**** The records ****

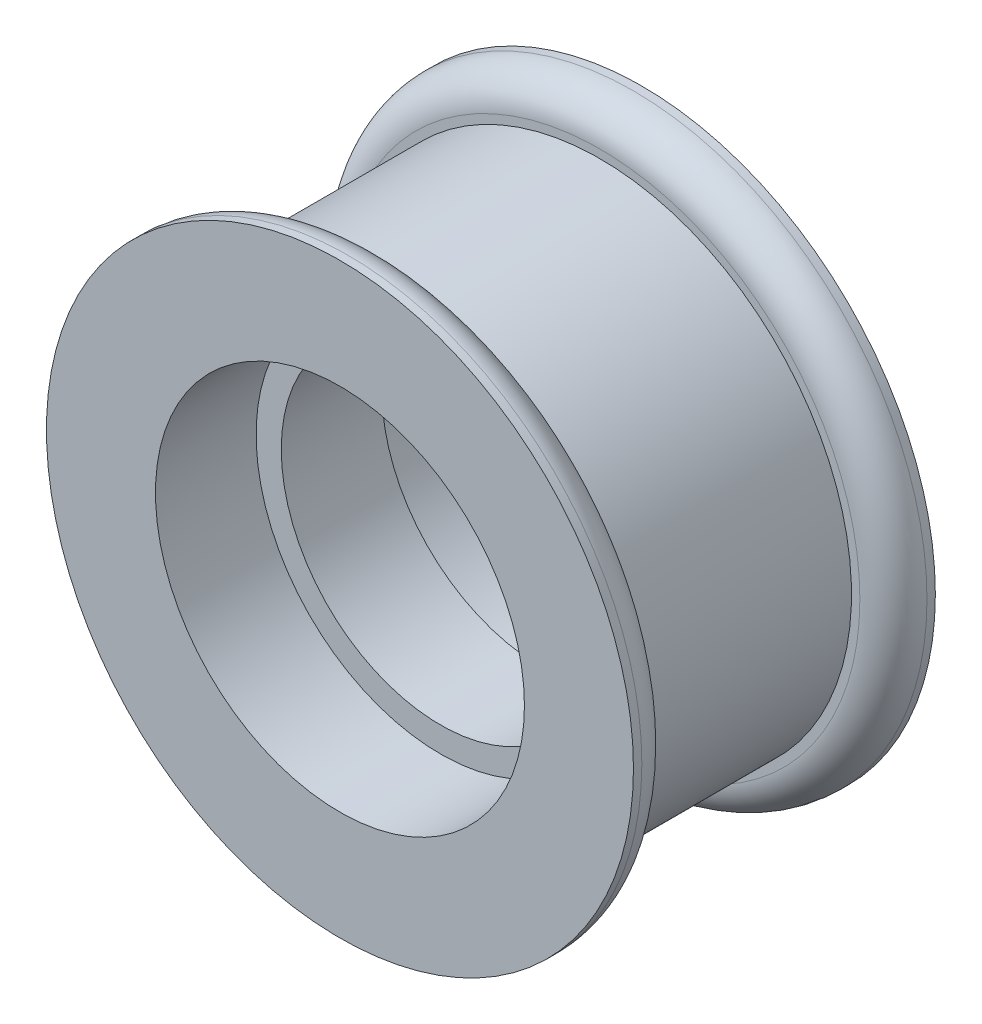
ISO-10303-21;
HEADER;
FILE_DESCRIPTION(('STEP AP214'),'2;1');
FILE_NAME('part.step','',(''),(''),'','','');
FILE_SCHEMA(('AUTOMOTIVE_DESIGN { 1 0 10303 214 1 1 1 1 }'));
ENDSEC;
DATA;
#1=APPLICATION_CONTEXT('core data for automotive mechanical design processes');
#2=APPLICATION_PROTOCOL_DEFINITION('international standard','automotive_design',2000,#1);
#3=PRODUCT_CONTEXT('',#1,'mechanical');
#4=PRODUCT('Part','Part','',(#3));
#5=PRODUCT_RELATED_PRODUCT_CATEGORY('part','',(#4));
#6=PRODUCT_DEFINITION_FORMATION('','',#4);
#7=PRODUCT_DEFINITION_CONTEXT('part definition',#1,'design');
#8=PRODUCT_DEFINITION('design','',#6,#7);
#9=PRODUCT_DEFINITION_SHAPE('','',#8);
#10=(LENGTH_UNIT() NAMED_UNIT(*) SI_UNIT(.MILLI.,.METRE.));
#11=(NAMED_UNIT(*) PLANE_ANGLE_UNIT() SI_UNIT($,.RADIAN.));
#12=(NAMED_UNIT(*) SI_UNIT($,.STERADIAN.) SOLID_ANGLE_UNIT());
#13=UNCERTAINTY_MEASURE_WITH_UNIT(LENGTH_MEASURE(1.E-05),#10,'distance_accuracy_value','');
#14=(GEOMETRIC_REPRESENTATION_CONTEXT(3) GLOBAL_UNCERTAINTY_ASSIGNED_CONTEXT((#13)) GLOBAL_UNIT_ASSIGNED_CONTEXT((#10,
#11,#12)) REPRESENTATION_CONTEXT('',''));
#15=CARTESIAN_POINT('',(0.,0.,0.));
#16=DIRECTION('',(0.,0.,1.));
#17=DIRECTION('',(1.,0.,0.));
#18=AXIS2_PLACEMENT_3D('',#15,#16,#17);
#19=CARTESIAN_POINT('',(0.,0.,6.5));
#20=DIRECTION('',(0.,0.,-1.));
#21=DIRECTION('',(-1.,0.,0.));
#22=AXIS2_PLACEMENT_3D('',#19,#20,#21);
#23=CYLINDRICAL_SURFACE('',#22,15.);
#24=CARTESIAN_POINT('',(0.,0.,6.5));
#25=DIRECTION('',(0.,0.,1.));
#26=DIRECTION('',(1.,0.,0.));
#27=AXIS2_PLACEMENT_3D('',#24,#25,#26);
#28=CIRCLE('',#27,15.);
#29=CARTESIAN_POINT('',(-15.,0.,6.5));
#30=VERTEX_POINT('',#29);
#31=EDGE_CURVE('E52',#30,#30,#28,.T.);
#32=CARTESIAN_POINT('',(0.,0.,-6.5));
#33=DIRECTION('',(0.,0.,-1.));
#34=DIRECTION('',(-1.,0.,0.));
#35=AXIS2_PLACEMENT_3D('',#32,#33,#34);
#36=CIRCLE('',#35,15.);
#37=CARTESIAN_POINT('',(-15.,0.,-6.5));
#38=VERTEX_POINT('',#37);
#39=EDGE_CURVE('E58',#38,#38,#36,.T.);
#40=CARTESIAN_POINT('',(-15.,0.,6.5));
#41=CARTESIAN_POINT('',(-15.,0.,6.36458333333333));
#42=CARTESIAN_POINT('',(-15.,0.,6.22916666666667));
#43=CARTESIAN_POINT('',(-15.,0.,5.95833333333333));
#44=CARTESIAN_POINT('',(-15.,0.,5.82291666666667));
#45=CARTESIAN_POINT('',(-15.,0.,5.55208333333333));
#46=CARTESIAN_POINT('',(-15.,0.,5.41666666666667));
#47=CARTESIAN_POINT('',(-15.,0.,5.14583333333333));
#48=CARTESIAN_POINT('',(-15.,0.,5.01041666666667));
#49=CARTESIAN_POINT('',(-15.,0.,4.73958333333333));
#50=CARTESIAN_POINT('',(-15.,0.,4.60416666666667));
#51=CARTESIAN_POINT('',(-15.,0.,4.33333333333333));
#52=CARTESIAN_POINT('',(-15.,0.,4.19791666666667));
#53=CARTESIAN_POINT('',(-15.,0.,3.92708333333333));
#54=CARTESIAN_POINT('',(-15.,0.,3.79166666666667));
#55=CARTESIAN_POINT('',(-15.,0.,3.52083333333333));
#56=CARTESIAN_POINT('',(-15.,0.,3.38541666666667));
#57=CARTESIAN_POINT('',(-15.,0.,3.11458333333333));
#58=CARTESIAN_POINT('',(-15.,0.,2.97916666666667));
#59=CARTESIAN_POINT('',(-15.,0.,2.70833333333333));
#60=CARTESIAN_POINT('',(-15.,0.,2.57291666666667));
#61=CARTESIAN_POINT('',(-15.,0.,2.30208333333333));
#62=CARTESIAN_POINT('',(-15.,0.,2.16666666666667));
#63=CARTESIAN_POINT('',(-15.,0.,1.89583333333333));
#64=CARTESIAN_POINT('',(-15.,0.,1.76041666666667));
#65=CARTESIAN_POINT('',(-15.,0.,1.48958333333333));
#66=CARTESIAN_POINT('',(-15.,0.,1.35416666666667));
#67=CARTESIAN_POINT('',(-15.,0.,1.08333333333333));
#68=CARTESIAN_POINT('',(-15.,0.,0.947916666666666));
#69=CARTESIAN_POINT('',(-15.,0.,0.677083333333332));
#70=CARTESIAN_POINT('',(-15.,0.,0.541666666666666));
#71=CARTESIAN_POINT('',(-15.,0.,0.270833333333333));
#72=CARTESIAN_POINT('',(-15.,0.,0.135416666666666));
#73=CARTESIAN_POINT('',(-15.,0.,-0.135416666666668));
#74=CARTESIAN_POINT('',(-15.,0.,-0.270833333333334));
#75=CARTESIAN_POINT('',(-15.,0.,-0.541666666666668));
#76=CARTESIAN_POINT('',(-15.,0.,-0.677083333333334));
#77=CARTESIAN_POINT('',(-15.,0.,-0.947916666666667));
#78=CARTESIAN_POINT('',(-15.,0.,-1.08333333333333));
#79=CARTESIAN_POINT('',(-15.,0.,-1.35416666666667));
#80=CARTESIAN_POINT('',(-15.,0.,-1.48958333333333));
#81=CARTESIAN_POINT('',(-15.,0.,-1.76041666666667));
#82=CARTESIAN_POINT('',(-15.,0.,-1.89583333333333));
#83=CARTESIAN_POINT('',(-15.,0.,-2.16666666666667));
#84=CARTESIAN_POINT('',(-15.,0.,-2.30208333333333));
#85=CARTESIAN_POINT('',(-15.,0.,-2.57291666666667));
#86=CARTESIAN_POINT('',(-15.,0.,-2.70833333333333));
#87=CARTESIAN_POINT('',(-15.,0.,-2.97916666666667));
#88=CARTESIAN_POINT('',(-15.,0.,-3.11458333333333));
#89=CARTESIAN_POINT('',(-15.,0.,-3.38541666666667));
#90=CARTESIAN_POINT('',(-15.,0.,-3.52083333333333));
#91=CARTESIAN_POINT('',(-15.,0.,-3.79166666666667));
#92=CARTESIAN_POINT('',(-15.,0.,-3.92708333333333));
#93=CARTESIAN_POINT('',(-15.,0.,-4.19791666666667));
#94=CARTESIAN_POINT('',(-15.,0.,-4.33333333333333));
#95=CARTESIAN_POINT('',(-15.,0.,-4.60416666666667));
#96=CARTESIAN_POINT('',(-15.,0.,-4.73958333333333));
#97=CARTESIAN_POINT('',(-15.,0.,-5.01041666666667));
#98=CARTESIAN_POINT('',(-15.,0.,-5.14583333333333));
#99=CARTESIAN_POINT('',(-15.,0.,-5.41666666666667));
#100=CARTESIAN_POINT('',(-15.,0.,-5.55208333333333));
#101=CARTESIAN_POINT('',(-15.,0.,-5.82291666666667));
#102=CARTESIAN_POINT('',(-15.,0.,-5.95833333333333));
#103=CARTESIAN_POINT('',(-15.,0.,-6.22916666666667));
#104=CARTESIAN_POINT('',(-15.,0.,-6.36458333333333));
#105=CARTESIAN_POINT('',(-15.,0.,-6.5));
#106=B_SPLINE_CURVE_WITH_KNOTS('',3,(#40,#41,#42,#43,#44,#45,#46,#47,#48,#49,#50,#51,#52,#53,
#54,#55,#56,#57,#58,#59,#60,#61,#62,#63,#64,#65,#66,#67,#68,#69,#70,#71,#72,#73,#74,#75,#76,#77,
#78,#79,#80,#81,#82,#83,#84,#85,#86,#87,#88,#89,#90,#91,#92,#93,#94,#95,#96,#97,#98,#99,#100,
#101,#102,#103,#104,#105),.UNSPECIFIED.,.F.,.F.,(4,2,2,2,2,2,2,2,2,2,2,2,2,2,2,2,2,2,2,2,2,2,2,
2,2,2,2,2,2,2,2,2,4),(0.,0.40625,0.8125,1.21875,1.625,2.03125,2.4375,2.84375,3.25,3.65625,
4.0625,4.46875,4.875,5.28125,5.6875,6.09375,6.5,6.90625,7.3125,7.71875,8.125,8.53125,8.9375,
9.34375,9.75,10.15625,10.5625,10.96875,11.375,11.78125,12.1875,12.59375,13.),.UNSPECIFIED.);
#107=EDGE_CURVE('BSEAM32',#30,#38,#106,.T.);
#108=ORIENTED_EDGE('',*,*,#31,.F.);
#109=ORIENTED_EDGE('',*,*,#39,.F.);
#110=ORIENTED_EDGE('',*,*,#107,.T.);
#111=ORIENTED_EDGE('',*,*,#107,.F.);
#112=EDGE_LOOP('',(#108,#110,#109,#111));
#113=FACE_BOUND('',#112,.T.);
#114=ADVANCED_FACE('F32',(#113),#23,.T.);
#115=CARTESIAN_POINT('',(0.,0.,6.5));
#116=DIRECTION('',(0.,0.,1.));
#117=DIRECTION('',(1.,0.,0.));
#118=AXIS2_PLACEMENT_3D('',#115,#116,#117);
#119=PLANE('',#118);
#120=CARTESIAN_POINT('',(0.,0.,6.5));
#121=DIRECTION('',(0.,0.,1.));
#122=DIRECTION('',(1.,0.,0.));
#123=AXIS2_PLACEMENT_3D('',#120,#121,#122);
#124=CIRCLE('',#123,15.5);
#125=CARTESIAN_POINT('',(15.5,0.,6.5));
#126=VERTEX_POINT('',#125);
#127=EDGE_CURVE('E10',#126,#126,#124,.F.);
#128=ORIENTED_EDGE('',*,*,#127,.T.);
#129=EDGE_LOOP('',(#128));
#130=FACE_BOUND('',#129,.T.);
#131=ORIENTED_EDGE('',*,*,#31,.T.);
#132=EDGE_LOOP('',(#131));
#133=FACE_BOUND('',#132,.T.);
#134=ADVANCED_FACE('F118',(#130,#133),#119,.F.);
#135=CARTESIAN_POINT('',(0.,0.,9.));
#136=DIRECTION('',(0.,0.,-1.));
#137=DIRECTION('',(-1.,0.,0.));
#138=AXIS2_PLACEMENT_3D('',#135,#136,#137);
#139=CYLINDRICAL_SURFACE('',#138,17.5);
#140=CARTESIAN_POINT('',(0.,0.,8.5));
#141=DIRECTION('',(0.,0.,1.));
#142=DIRECTION('',(1.,0.,0.));
#143=AXIS2_PLACEMENT_3D('',#140,#141,#142);
#144=CIRCLE('',#143,17.5);
#145=CARTESIAN_POINT('',(17.5,0.,8.5));
#146=VERTEX_POINT('',#145);
#147=EDGE_CURVE('E39',#146,#146,#144,.T.);
#148=ORIENTED_EDGE('',*,*,#147,.T.);
#149=EDGE_LOOP('',(#148));
#150=FACE_BOUND('',#149,.T.);
#151=CARTESIAN_POINT('',(0.,0.,9.));
#152=DIRECTION('',(0.,0.,1.));
#153=DIRECTION('',(1.,0.,0.));
#154=AXIS2_PLACEMENT_3D('',#151,#152,#153);
#155=CIRCLE('',#154,17.5);
#156=CARTESIAN_POINT('',(17.5,0.,9.));
#157=VERTEX_POINT('',#156);
#158=EDGE_CURVE('E55',#157,#157,#155,.T.);
#159=ORIENTED_EDGE('',*,*,#158,.F.);
#160=EDGE_LOOP('',(#159));
#161=FACE_BOUND('',#160,.T.);
#162=ADVANCED_FACE('F124',(#150,#161),#139,.T.);
#163=CARTESIAN_POINT('',(0.,0.,9.));
#164=DIRECTION('',(0.,0.,1.));
#165=DIRECTION('',(1.,0.,0.));
#166=AXIS2_PLACEMENT_3D('',#163,#164,#165);
#167=PLANE('',#166);
#168=CARTESIAN_POINT('',(0.,0.,9.));
#169=DIRECTION('',(0.,0.,1.));
#170=DIRECTION('',(1.,0.,0.));
#171=AXIS2_PLACEMENT_3D('',#168,#169,#170);
#172=CIRCLE('',#171,11.);
#173=CARTESIAN_POINT('',(11.,0.,9.));
#174=VERTEX_POINT('',#173);
#175=EDGE_CURVE('E65',#174,#174,#172,.T.);
#176=ORIENTED_EDGE('',*,*,#175,.F.);
#177=EDGE_LOOP('',(#176));
#178=FACE_BOUND('',#177,.T.);
#179=ORIENTED_EDGE('',*,*,#158,.T.);
#180=EDGE_LOOP('',(#179));
#181=FACE_BOUND('',#180,.T.);
#182=ADVANCED_FACE('F113',(#178,#181),#167,.T.);
#183=CARTESIAN_POINT('',(0.,0.,-6.5));
#184=DIRECTION('',(0.,0.,-1.));
#185=DIRECTION('',(1.,0.,0.));
#186=AXIS2_PLACEMENT_3D('',#183,#184,#185);
#187=PLANE('',#186);
#188=CARTESIAN_POINT('',(0.,0.,-6.5));
#189=DIRECTION('',(0.,0.,-1.));
#190=DIRECTION('',(-1.,0.,0.));
#191=AXIS2_PLACEMENT_3D('',#188,#189,#190);
#192=CIRCLE('',#191,15.5);
#193=CARTESIAN_POINT('',(-15.5,0.,-6.5));
#194=VERTEX_POINT('',#193);
#195=EDGE_CURVE('E47',#194,#194,#192,.F.);
#196=ORIENTED_EDGE('',*,*,#195,.T.);
#197=EDGE_LOOP('',(#196));
#198=FACE_BOUND('',#197,.T.);
#199=ORIENTED_EDGE('',*,*,#39,.T.);
#200=EDGE_LOOP('',(#199));
#201=FACE_BOUND('',#200,.T.);
#202=ADVANCED_FACE('F107',(#198,#201),#187,.F.);
#203=CARTESIAN_POINT('',(0.,0.,-9.));
#204=DIRECTION('',(0.,0.,1.));
#205=DIRECTION('',(1.,0.,0.));
#206=AXIS2_PLACEMENT_3D('',#203,#204,#205);
#207=CYLINDRICAL_SURFACE('',#206,17.5);
#208=CARTESIAN_POINT('',(0.,0.,-8.5));
#209=DIRECTION('',(0.,0.,-1.));
#210=DIRECTION('',(-1.,0.,0.));
#211=AXIS2_PLACEMENT_3D('',#208,#209,#210);
#212=CIRCLE('',#211,17.5);
#213=CARTESIAN_POINT('',(-17.5,0.,-8.5));
#214=VERTEX_POINT('',#213);
#215=EDGE_CURVE('E43',#214,#214,#212,.T.);
#216=ORIENTED_EDGE('',*,*,#215,.T.);
#217=EDGE_LOOP('',(#216));
#218=FACE_BOUND('',#217,.T.);
#219=CARTESIAN_POINT('',(0.,0.,-9.));
#220=DIRECTION('',(0.,0.,1.));
#221=DIRECTION('',(1.,0.,0.));
#222=AXIS2_PLACEMENT_3D('',#219,#220,#221);
#223=CIRCLE('',#222,17.5);
#224=CARTESIAN_POINT('',(17.5,0.,-9.));
#225=VERTEX_POINT('',#224);
#226=EDGE_CURVE('E61',#225,#225,#223,.T.);
#227=ORIENTED_EDGE('',*,*,#226,.T.);
#228=EDGE_LOOP('',(#227));
#229=FACE_BOUND('',#228,.T.);
#230=ADVANCED_FACE('F102',(#218,#229),#207,.T.);
#231=CARTESIAN_POINT('',(0.,0.,-9.));
#232=DIRECTION('',(0.,0.,-1.));
#233=DIRECTION('',(1.,0.,0.));
#234=AXIS2_PLACEMENT_3D('',#231,#232,#233);
#235=PLANE('',#234);
#236=CARTESIAN_POINT('',(0.,0.,-9.));
#237=DIRECTION('',(0.,0.,-1.));
#238=DIRECTION('',(-1.,0.,0.));
#239=AXIS2_PLACEMENT_3D('',#236,#237,#238);
#240=CIRCLE('',#239,11.);
#241=CARTESIAN_POINT('',(-11.,0.,-9.));
#242=VERTEX_POINT('',#241);
#243=EDGE_CURVE('E71',#242,#242,#240,.T.);
#244=ORIENTED_EDGE('',*,*,#243,.F.);
#245=EDGE_LOOP('',(#244));
#246=FACE_BOUND('',#245,.T.);
#247=ORIENTED_EDGE('',*,*,#226,.F.);
#248=EDGE_LOOP('',(#247));
#249=FACE_BOUND('',#248,.T.);
#250=ADVANCED_FACE('F98',(#246,#249),#235,.T.);
#251=CARTESIAN_POINT('',(0.,0.,3.));
#252=DIRECTION('',(0.,0.,1.));
#253=DIRECTION('',(1.,0.,0.));
#254=AXIS2_PLACEMENT_3D('',#251,#252,#253);
#255=CYLINDRICAL_SURFACE('',#254,11.);
#256=CARTESIAN_POINT('',(0.,0.,3.));
#257=DIRECTION('',(0.,0.,1.));
#258=DIRECTION('',(1.,0.,0.));
#259=AXIS2_PLACEMENT_3D('',#256,#257,#258);
#260=CIRCLE('',#259,11.);
#261=CARTESIAN_POINT('',(11.,0.,3.));
#262=VERTEX_POINT('',#261);
#263=EDGE_CURVE('E64',#262,#262,#260,.T.);
#264=ORIENTED_EDGE('',*,*,#263,.F.);
#265=EDGE_LOOP('',(#264));
#266=FACE_BOUND('',#265,.T.);
#267=ORIENTED_EDGE('',*,*,#175,.T.);
#268=EDGE_LOOP('',(#267));
#269=FACE_BOUND('',#268,.T.);
#270=ADVANCED_FACE('F101',(#266,#269),#255,.F.);
#271=CARTESIAN_POINT('',(0.,0.,3.));
#272=DIRECTION('',(0.,0.,1.));
#273=DIRECTION('',(1.,0.,0.));
#274=AXIS2_PLACEMENT_3D('',#271,#272,#273);
#275=PLANE('',#274);
#276=CARTESIAN_POINT('',(0.,0.,3.));
#277=DIRECTION('',(0.,0.,1.));
#278=DIRECTION('',(1.,0.,0.));
#279=AXIS2_PLACEMENT_3D('',#276,#277,#278);
#280=CIRCLE('',#279,9.5);
#281=CARTESIAN_POINT('',(9.5,0.,3.));
#282=VERTEX_POINT('',#281);
#283=EDGE_CURVE('E74',#282,#282,#280,.T.);
#284=ORIENTED_EDGE('',*,*,#283,.F.);
#285=EDGE_LOOP('',(#284));
#286=FACE_BOUND('',#285,.T.);
#287=ORIENTED_EDGE('',*,*,#263,.T.);
#288=EDGE_LOOP('',(#287));
#289=FACE_BOUND('',#288,.T.);
#290=ADVANCED_FACE('F94',(#286,#289),#275,.T.);
#291=CARTESIAN_POINT('',(0.,0.,-3.));
#292=DIRECTION('',(0.,0.,-1.));
#293=DIRECTION('',(-1.,0.,0.));
#294=AXIS2_PLACEMENT_3D('',#291,#292,#293);
#295=CYLINDRICAL_SURFACE('',#294,11.);
#296=CARTESIAN_POINT('',(0.,0.,-3.));
#297=DIRECTION('',(0.,0.,-1.));
#298=DIRECTION('',(-1.,0.,0.));
#299=AXIS2_PLACEMENT_3D('',#296,#297,#298);
#300=CIRCLE('',#299,11.);
#301=CARTESIAN_POINT('',(-11.,0.,-3.));
#302=VERTEX_POINT('',#301);
#303=EDGE_CURVE('E68',#302,#302,#300,.T.);
#304=ORIENTED_EDGE('',*,*,#303,.F.);
#305=EDGE_LOOP('',(#304));
#306=FACE_BOUND('',#305,.T.);
#307=ORIENTED_EDGE('',*,*,#243,.T.);
#308=EDGE_LOOP('',(#307));
#309=FACE_BOUND('',#308,.T.);
#310=ADVANCED_FACE('F88',(#306,#309),#295,.F.);
#311=CARTESIAN_POINT('',(0.,0.,-3.));
#312=DIRECTION('',(0.,0.,-1.));
#313=DIRECTION('',(-1.,0.,0.));
#314=AXIS2_PLACEMENT_3D('',#311,#312,#313);
#315=PLANE('',#314);
#316=CARTESIAN_POINT('',(0.,0.,-3.));
#317=DIRECTION('',(0.,0.,-1.));
#318=DIRECTION('',(-1.,0.,0.));
#319=AXIS2_PLACEMENT_3D('',#316,#317,#318);
#320=CIRCLE('',#319,9.5);
#321=CARTESIAN_POINT('',(-9.5,0.,-3.));
#322=VERTEX_POINT('',#321);
#323=EDGE_CURVE('E79',#322,#322,#320,.T.);
#324=ORIENTED_EDGE('',*,*,#323,.F.);
#325=EDGE_LOOP('',(#324));
#326=FACE_BOUND('',#325,.T.);
#327=ORIENTED_EDGE('',*,*,#303,.T.);
#328=EDGE_LOOP('',(#327));
#329=FACE_BOUND('',#328,.T.);
#330=ADVANCED_FACE('F85',(#326,#329),#315,.T.);
#331=CARTESIAN_POINT('',(0.,0.,9.));
#332=DIRECTION('',(0.,0.,-1.));
#333=DIRECTION('',(-1.,0.,0.));
#334=AXIS2_PLACEMENT_3D('',#331,#332,#333);
#335=CYLINDRICAL_SURFACE('',#334,9.5);
#336=ORIENTED_EDGE('',*,*,#283,.T.);
#337=EDGE_LOOP('',(#336));
#338=FACE_BOUND('',#337,.T.);
#339=ORIENTED_EDGE('',*,*,#323,.T.);
#340=EDGE_LOOP('',(#339));
#341=FACE_BOUND('',#340,.T.);
#342=ADVANCED_FACE('F83',(#338,#341),#335,.F.);
#343=CARTESIAN_POINT('',(0.,0.,-8.5));
#344=DIRECTION('',(0.,0.,-1.));
#345=DIRECTION('',(-1.,0.,0.));
#346=AXIS2_PLACEMENT_3D('',#343,#344,#345);
#347=TOROIDAL_SURFACE('',#346,15.5,2.);
#348=ORIENTED_EDGE('',*,*,#215,.F.);
#349=EDGE_LOOP('',(#348));
#350=FACE_BOUND('',#349,.T.);
#351=ORIENTED_EDGE('',*,*,#195,.F.);
#352=EDGE_LOOP('',(#351));
#353=FACE_BOUND('',#352,.T.);
#354=ADVANCED_FACE('F129',(#350,#353),#347,.T.);
#355=CARTESIAN_POINT('',(0.,0.,8.5));
#356=DIRECTION('',(0.,0.,1.));
#357=DIRECTION('',(1.,0.,0.));
#358=AXIS2_PLACEMENT_3D('',#355,#356,#357);
#359=TOROIDAL_SURFACE('',#358,15.5,2.);
#360=ORIENTED_EDGE('',*,*,#127,.F.);
#361=EDGE_LOOP('',(#360));
#362=FACE_BOUND('',#361,.T.);
#363=ORIENTED_EDGE('',*,*,#147,.F.);
#364=EDGE_LOOP('',(#363));
#365=FACE_BOUND('',#364,.T.);
#366=ADVANCED_FACE('F34',(#362,#365),#359,.T.);
#367=CLOSED_SHELL('',(#114,#134,#162,#182,#202,#230,#250,#270,#290,#310,#330,#342,#354,#366));
#368=MANIFOLD_SOLID_BREP('B2',#367);
#369=ADVANCED_BREP_SHAPE_REPRESENTATION('',(#18,#368),#14);
#370=SHAPE_DEFINITION_REPRESENTATION(#9,#369);
ENDSEC;
END-ISO-10303-21;

****

**What you have to do:** Using the entries above, return exactly the lines from the line with "#95=CARTESIAN_POINT('',(-15.,0.,-4.60416666666667));" to the line with "#137=DIRECTION('',(-1.,0.,0.));", counting both of those lines.

**The answer:**
#95=CARTESIAN_POINT('',(-15.,0.,-4.60416666666667));
#96=CARTESIAN_POINT('',(-15.,0.,-4.73958333333333));
#97=CARTESIAN_POINT('',(-15.,0.,-5.01041666666667));
#98=CARTESIAN_POINT('',(-15.,0.,-5.14583333333333));
#99=CARTESIAN_POINT('',(-15.,0.,-5.41666666666667));
#100=CARTESIAN_POINT('',(-15.,0.,-5.55208333333333));
#101=CARTESIAN_POINT('',(-15.,0.,-5.82291666666667));
#102=CARTESIAN_POINT('',(-15.,0.,-5.95833333333333));
#103=CARTESIAN_POINT('',(-15.,0.,-6.22916666666667));
#104=CARTESIAN_POINT('',(-15.,0.,-6.36458333333333));
#105=CARTESIAN_POINT('',(-15.,0.,-6.5));
#106=B_SPLINE_CURVE_WITH_KNOTS('',3,(#40,#41,#42,#43,#44,#45,#46,#47,#48,#49,#50,#51,#52,#53,
#54,#55,#56,#57,#58,#59,#60,#61,#62,#63,#64,#65,#66,#67,#68,#69,#70,#71,#72,#73,#74,#75,#76,#77,
#78,#79,#80,#81,#82,#83,#84,#85,#86,#87,#88,#89,#90,#91,#92,#93,#94,#95,#96,#97,#98,#99,#100,
#101,#102,#103,#104,#105),.UNSPECIFIED.,.F.,.F.,(4,2,2,2,2,2,2,2,2,2,2,2,2,2,2,2,2,2,2,2,2,2,2,
2,2,2,2,2,2,2,2,2,4),(0.,0.40625,0.8125,1.21875,1.625,2.03125,2.4375,2.84375,3.25,3.65625,
4.0625,4.46875,4.875,5.28125,5.6875,6.09375,6.5,6.90625,7.3125,7.71875,8.125,8.53125,8.9375,
9.34375,9.75,10.15625,10.5625,10.96875,11.375,11.78125,12.1875,12.59375,13.),.UNSPECIFIED.);
#107=EDGE_CURVE('BSEAM32',#30,#38,#106,.T.);
#108=ORIENTED_EDGE('',*,*,#31,.F.);
#109=ORIENTED_EDGE('',*,*,#39,.F.);
#110=ORIENTED_EDGE('',*,*,#107,.T.);
#111=ORIENTED_EDGE('',*,*,#107,.F.);
#112=EDGE_LOOP('',(#108,#110,#109,#111));
#113=FACE_BOUND('',#112,.T.);
#114=ADVANCED_FACE('F32',(#113),#23,.T.);
#115=CARTESIAN_POINT('',(0.,0.,6.5));
#116=DIRECTION('',(0.,0.,1.));
#117=DIRECTION('',(1.,0.,0.));
#118=AXIS2_PLACEMENT_3D('',#115,#116,#117);
#119=PLANE('',#118);
#120=CARTESIAN_POINT('',(0.,0.,6.5));
#121=DIRECTION('',(0.,0.,1.));
#122=DIRECTION('',(1.,0.,0.));
#123=AXIS2_PLACEMENT_3D('',#120,#121,#122);
#124=CIRCLE('',#123,15.5);
#125=CARTESIAN_POINT('',(15.5,0.,6.5));
#126=VERTEX_POINT('',#125);
#127=EDGE_CURVE('E10',#126,#126,#124,.F.);
#128=ORIENTED_EDGE('',*,*,#127,.T.);
#129=EDGE_LOOP('',(#128));
#130=FACE_BOUND('',#129,.T.);
#131=ORIENTED_EDGE('',*,*,#31,.T.);
#132=EDGE_LOOP('',(#131));
#133=FACE_BOUND('',#132,.T.);
#134=ADVANCED_FACE('F118',(#130,#133),#119,.F.);
#135=CARTESIAN_POINT('',(0.,0.,9.));
#136=DIRECTION('',(0.,0.,-1.));
#137=DIRECTION('',(-1.,0.,0.));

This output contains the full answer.